# Installing Windows 10 on New PC?



## CK011885 (Dec 6, 2015)

I'm going to be building a new PC on Christmas and want to install Windows 10 on it. I have Windows 10 on my current PC, which I installed upgrading from 8.1 with the files on a USB. How do I go about installing a clean copy of Windows 10 on this new PC? I think I recall something about installing it once makes Microsoft recognize your hardware, but since this will be a PC I'm not sure what steps I need to take. Do I need to go 8.1 -> 10 or is there a method of going directly to 10?


----------



## Kursah (Dec 6, 2015)

So are you transferring your Windows install from your current PC then? Is that the goal here? My first questions with your current PC is if you're running an OEM version of the OS if it came with your PC. Or if you bought the OS separately. This could affect you being able to migrate 10 over...but you might be able to install 8/8.1 using the key...and installing and upgrading that way.

I'm assuming by your system specs you purchased 8.1 for it...if so, and you want to keep that license on your old PC...buy a new copy of 7/8/10 for the new PC. Otherwise, transfer it over...at worst you call Microsoft and get a computer voice and spend 10 minutes typing in a bunch of numbers to register with the new hardware.

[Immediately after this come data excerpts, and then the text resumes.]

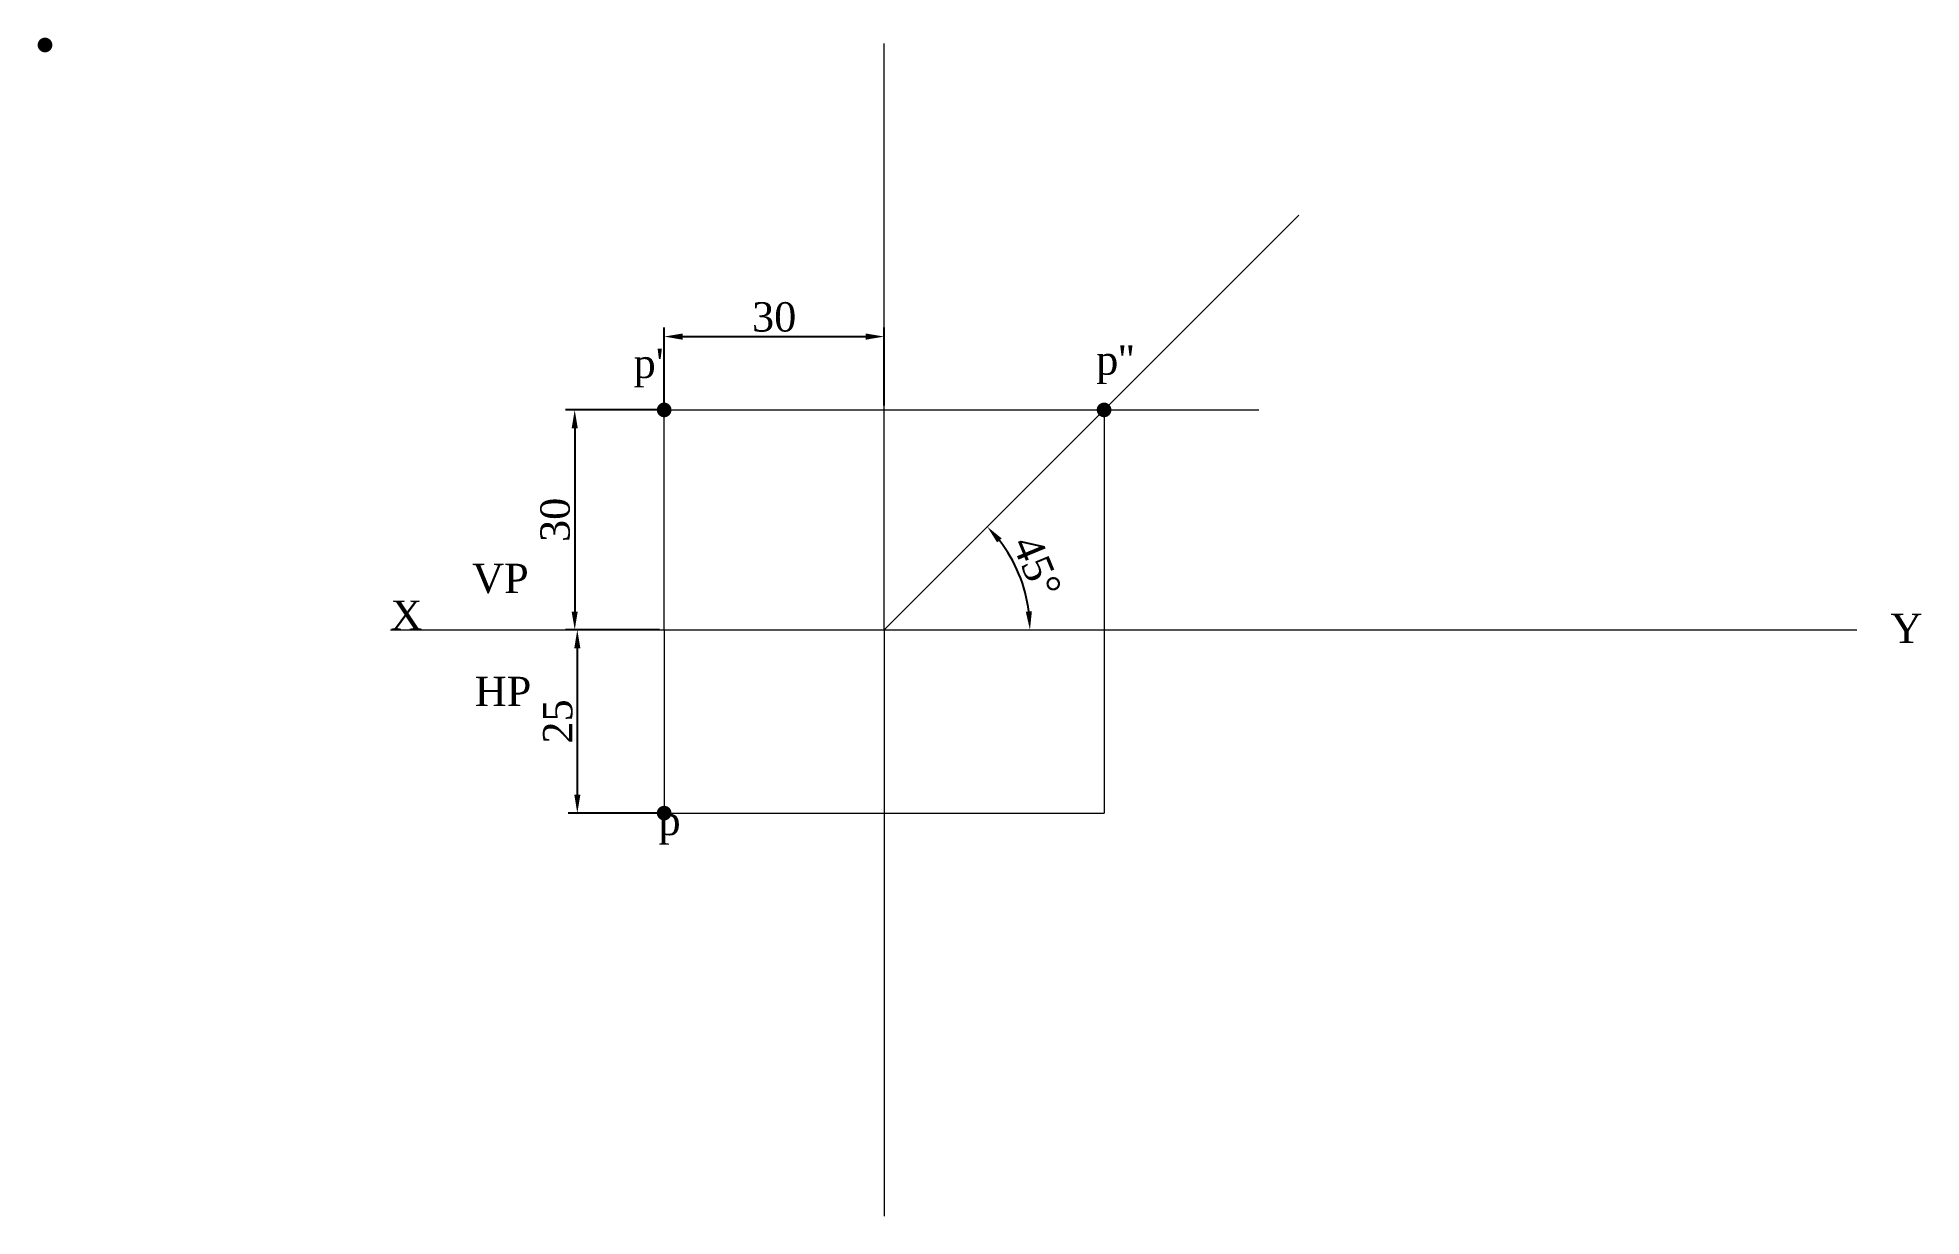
# Paper-space layout 'Layout3' of a CAD drawing. Header units: millimetres. Extents: x -23 to 234, y 10 to 171.
import ezdxf

# ---------------------------------------------------------------- set-up
doc = ezdxf.new("R2010")
doc.units = ezdxf.units.MM
doc.layers.add('Projection line', color=5, linetype='Continuous', lineweight=5)
doc.layers.add('X Y line', color=1, linetype='Continuous', lineweight=15)
doc.styles.get("Standard").update_dxf_attribs({"font": 'times.ttf', "height": 4})
doc.dimstyles.new('ISO-25', dxfattribs={"dimtxt": 4, "dimasz": 2.5, "dimexe": 1.25, "dimexo": 0.625, "dimtad": 1, "dimtoh": 1, "dimtxsty": 'Standard', "dimcen": 2.5, "dimadec": 0, "dimazin": 0, "dimtfac": 1, "dimtmove": 0, "dimatfit": 3, "dimfxl": 1, "dimarcsym": 0})

# ---------------------------------------------------------------- blocks, each defined once
blk = doc.blocks.new('*D10')
at = {"layer": 'Defpoints', "color": 0, "transparency": 16777216}
for p in [(149.28, 146.95), (111.93, 95.53), (25.38, 90.38), (92.71, 90.38), (225.38, 90.38)]:
    blk.add_point(p, dxfattribs=at)
at = {"layer": 'Projection line', "color": 0, "lineweight": -2, "transparency": 16777216}
blk.add_arc((92.71, 90.38), 19.9, 7.2044, 37.7956, dxfattribs=at)
at = {"layer": 'Projection line', "color": 0, "transparency": 16777216}
for points in [[(108.12, 102.3), (108.74, 102.85), (106.78, 104.45)], [(112.86, 92.9), (112.03, 92.85), (112.6, 90.38)]]:
    blk.add_solid(points, dxfattribs=at)
at = {"layer": 'Projection line', "color": 0, "transparency": 16777216, "insert": (113.55, 99.01), "char_height": 4, "attachment_point": 5, "rotation": 292.5}
blk.add_mtext('45°', dxfattribs=at)
blk = doc.blocks.new('*D11')
at = {"layer": 'Defpoints', "color": 0, "transparency": 16777216}
for p in [(62.71, 120.38), (50.51, 90.38), (62.71, 90.38)]:
    blk.add_point(p, dxfattribs=at)
at = {"layer": 'Projection line', "color": 0, "lineweight": -2, "transparency": 16777216}
for p, q in [((62.08, 120.38), (49.26, 120.38)), ((50.51, 117.88), (50.51, 92.88)), ((62.08, 90.38), (49.26, 90.38))]:
    blk.add_line(p, q, dxfattribs=at)
at = {"layer": 'Projection line', "color": 0, "transparency": 16777216}
for points in [[(50.09, 117.88), (50.92, 117.88), (50.51, 120.38)], [(50.09, 92.88), (50.92, 92.88), (50.51, 90.38)]]:
    blk.add_solid(points, dxfattribs=at)
at = {"layer": 'Projection line', "color": 0, "transparency": 16777216, "insert": (47.85, 105.38), "char_height": 4, "attachment_point": 5, "rotation": 90}
blk.add_mtext('30', dxfattribs=at)
blk = doc.blocks.new('*D12')
at = {"layer": 'Defpoints', "color": 0, "transparency": 16777216}
for p in [(92.71, 130.38), (62.71, 120.38), (92.71, 120.38)]:
    blk.add_point(p, dxfattribs=at)
at = {"layer": 'Projection line', "color": 0, "lineweight": -2, "transparency": 16777216}
for p, q in [((62.71, 121), (62.71, 131.63)), ((92.71, 121), (92.71, 131.63)), ((65.21, 130.38), (90.21, 130.38))]:
    blk.add_line(p, q, dxfattribs=at)
at = {"layer": 'Projection line', "color": 0, "transparency": 16777216}
for points in [[(65.21, 130.8), (65.21, 129.96), (62.71, 130.38)], [(90.21, 130.8), (90.21, 129.96), (92.71, 130.38)]]:
    blk.add_solid(points, dxfattribs=at)
at = {"layer": 'Projection line', "color": 0, "transparency": 16777216, "insert": (77.71, 133.04), "char_height": 4, "attachment_point": 5}
blk.add_mtext('30', dxfattribs=at)
blk = doc.blocks.new('*D13')
at = {"layer": 'Defpoints', "color": 0, "transparency": 16777216}
for p in [(62.71, 90.38), (50.86, 65.38), (62.71, 65.38)]:
    blk.add_point(p, dxfattribs=at)
at = {"layer": 'Projection line', "color": 0, "lineweight": -2, "transparency": 16777216}
for p, q in [((62.08, 90.38), (49.61, 90.38)), ((50.86, 87.88), (50.86, 67.88)), ((62.08, 65.38), (49.61, 65.38))]:
    blk.add_line(p, q, dxfattribs=at)
at = {"layer": 'Projection line', "color": 0, "transparency": 16777216}
for points in [[(50.45, 87.88), (51.28, 87.88), (50.86, 90.38)], [(50.45, 67.88), (51.28, 67.88), (50.86, 65.38)]]:
    blk.add_solid(points, dxfattribs=at)
at = {"layer": 'Projection line', "color": 0, "transparency": 16777216, "insert": (48.21, 77.88), "char_height": 4, "attachment_point": 5, "rotation": 90}
blk.add_mtext('25', dxfattribs=at)

psp = doc.layouts.new('Layout3')

# ---------------------------------------------------------------- linework, layer by layer
at = {"layer": 'Projection line'}
for p, q in [((92.71, 90.379), (92.71, 170.379)), ((92.71, 90.379), (149.278, 146.948)), ((62.71, 90.379), (62.71, 120.379)), ((62.71, 120.379), (143.828, 120.379)), ((122.71, 120.379), (122.71, 65.379)), ((62.71, 90.379), (62.71, 65.379)), ((62.71, 90.379), (92.71, 90.379)), ((92.71, 90.379), (92.71, 10.379)), ((62.71, 65.379), (122.71, 65.379))]:
    psp.add_line(p, q, dxfattribs=at)
at = {"layer": 'Projection line', "const_width": 1}
for points in [[(-22.244, 170.156, 1), (-21.244, 170.156, 1)], [(62.21, 120.379, 1), (63.21, 120.379, 1)], [(122.21, 120.379, 1), (123.21, 120.379, 1)], [(62.21, 65.379, 1), (63.21, 65.379, 1)]]:
    psp.add_lwpolyline(points, format="xyb", close=True, dxfattribs=at)
at = {"layer": 'X Y line'}
psp.add_line((25.381, 90.379), (225.381, 90.379), dxfattribs=at)

# ---------------------------------------------------------------- texts
at = {"layer": 'Projection line'}
for s, p in [("p'", (58.541, 124.742)), ("p''", (121.637, 125.194)), ('VP', (36.508, 95.399)), ('HP', (36.867, 79.98)), ('p', (61.933, 62.383))]:
    psp.add_text(s, height=4, dxfattribs=at).set_placement(p)
at = {"layer": 'X Y line'}
for s, p in [('X', (25.381, 90.379)), ('Y', (229.971, 88.586))]:
    psp.add_text(s, height=4, dxfattribs=at).set_placement(p)

# ---------------------------------------------------------------- dimensions: what is measured, and where the dimension line sits
at = {"layer": 'Projection line'}
dim = psp.add_angular_dim_2l(base=(111.927, 95.528), line1=((92.71, 90.379), (149.278, 146.948)), line2=((25.381, 90.379), (225.381, 90.379)), dimstyle='ISO-25', dxfattribs=at)
dim.commit()
dim.dimension.update_dxf_attribs({"geometry": '*D10', "text_midpoint": (113.547, 99.01)})
dim = psp.add_linear_dim(base=(92.71, 130.379), p1=(62.71, 120.379), p2=(92.71, 120.379), dimstyle='ISO-25', dxfattribs=at)
dim.commit()
dim.dimension.update_dxf_attribs({"geometry": '*D12', "text_midpoint": (77.71, 133.039)})
for base, p1, p2, picture, middle in [((50.506, 90.379), (62.71, 120.379), (62.71, 90.379), '*D11', (47.846, 105.379)), ((50.865, 65.379), (62.71, 90.379), (62.71, 65.379), '*D13', (48.205, 77.879))]:
    dim = psp.add_linear_dim(base=base, p1=p1, p2=p2, angle=90, dimstyle='ISO-25', dxfattribs=at)
    dim.commit()
    dim.dimension.update_dxf_attribs({"geometry": picture, "text_midpoint": middle})

doc.saveas('drawing.dxf')

Newer versions of Windows 10 ISO take 7 and 8/8.1 keys during installation (if 1511 ISO was re-released)...or are supposed to. This would make a clean install with a 7/8 key possible and was supposed to have happened...I honestly haven't been keeping track since they pulled the new ISO weeks ago. I upgraded and did a fresh install with it, but the PC already had 10 on it once...so it auto-activated.

At worst you gotta buy a copy of the OS, which at that point it might be cheaper to find a deal on 7 or 8/8.1 to upgrade to 10 from I would get Pro, no higher or lower IMHO.

I hope that helps.


----------



## FordGT90Concept (Dec 6, 2015)

You're going to have to buy another license ($100 for Home; $140 for Pro).  The free upgrade offer is tied to the hardware; it is not transferrable.


I downloaded the ISO via the Download Tool and used Rufus to unpack the ISO on to the USB stick.  I enter the key from the Windows 10 packaging when it asks for it (never even opened access to the DVD inside).  Pretty sure DVD install doesn't let you install UEFI boot where USB stick does.


----------



## Jetster (Dec 6, 2015)

Unless you bought a retail copy of W8 then no. OEM is not transferable and now that you upgraded its tied to the hardware. You will have to buy another copy. Newegg has a 15% off 10 Home


----------



## r.h.p (Dec 6, 2015)

CK011885 said:


> I'm going to be building a new PC on Christmas and want to install Windows 10 on it. I have Windows 10 on my current PC, which I installed upgrading from 8.1 with the files on a USB. How do I go about installing a clean copy of Windows 10 on this new PC? I think I recall something about installing it once makes Microsoft recognize your hardware, but since this will be a PC I'm not sure what steps I need to take. Do I need to go 8.1 -> 10 or is there a method of going directly to 10?



What's your intended PC specs ??


----------



## bonehead123 (Dec 6, 2015)

So you have 2 options if you have a *NON-OEM* version of W10 now:

A)  Keep using the license you have now with your current PC and keep it running as is, and buy a new license (either 10, or 8.1 & upgrade to 10) for your new PC and start from scratch. There are several methods to accomplish this.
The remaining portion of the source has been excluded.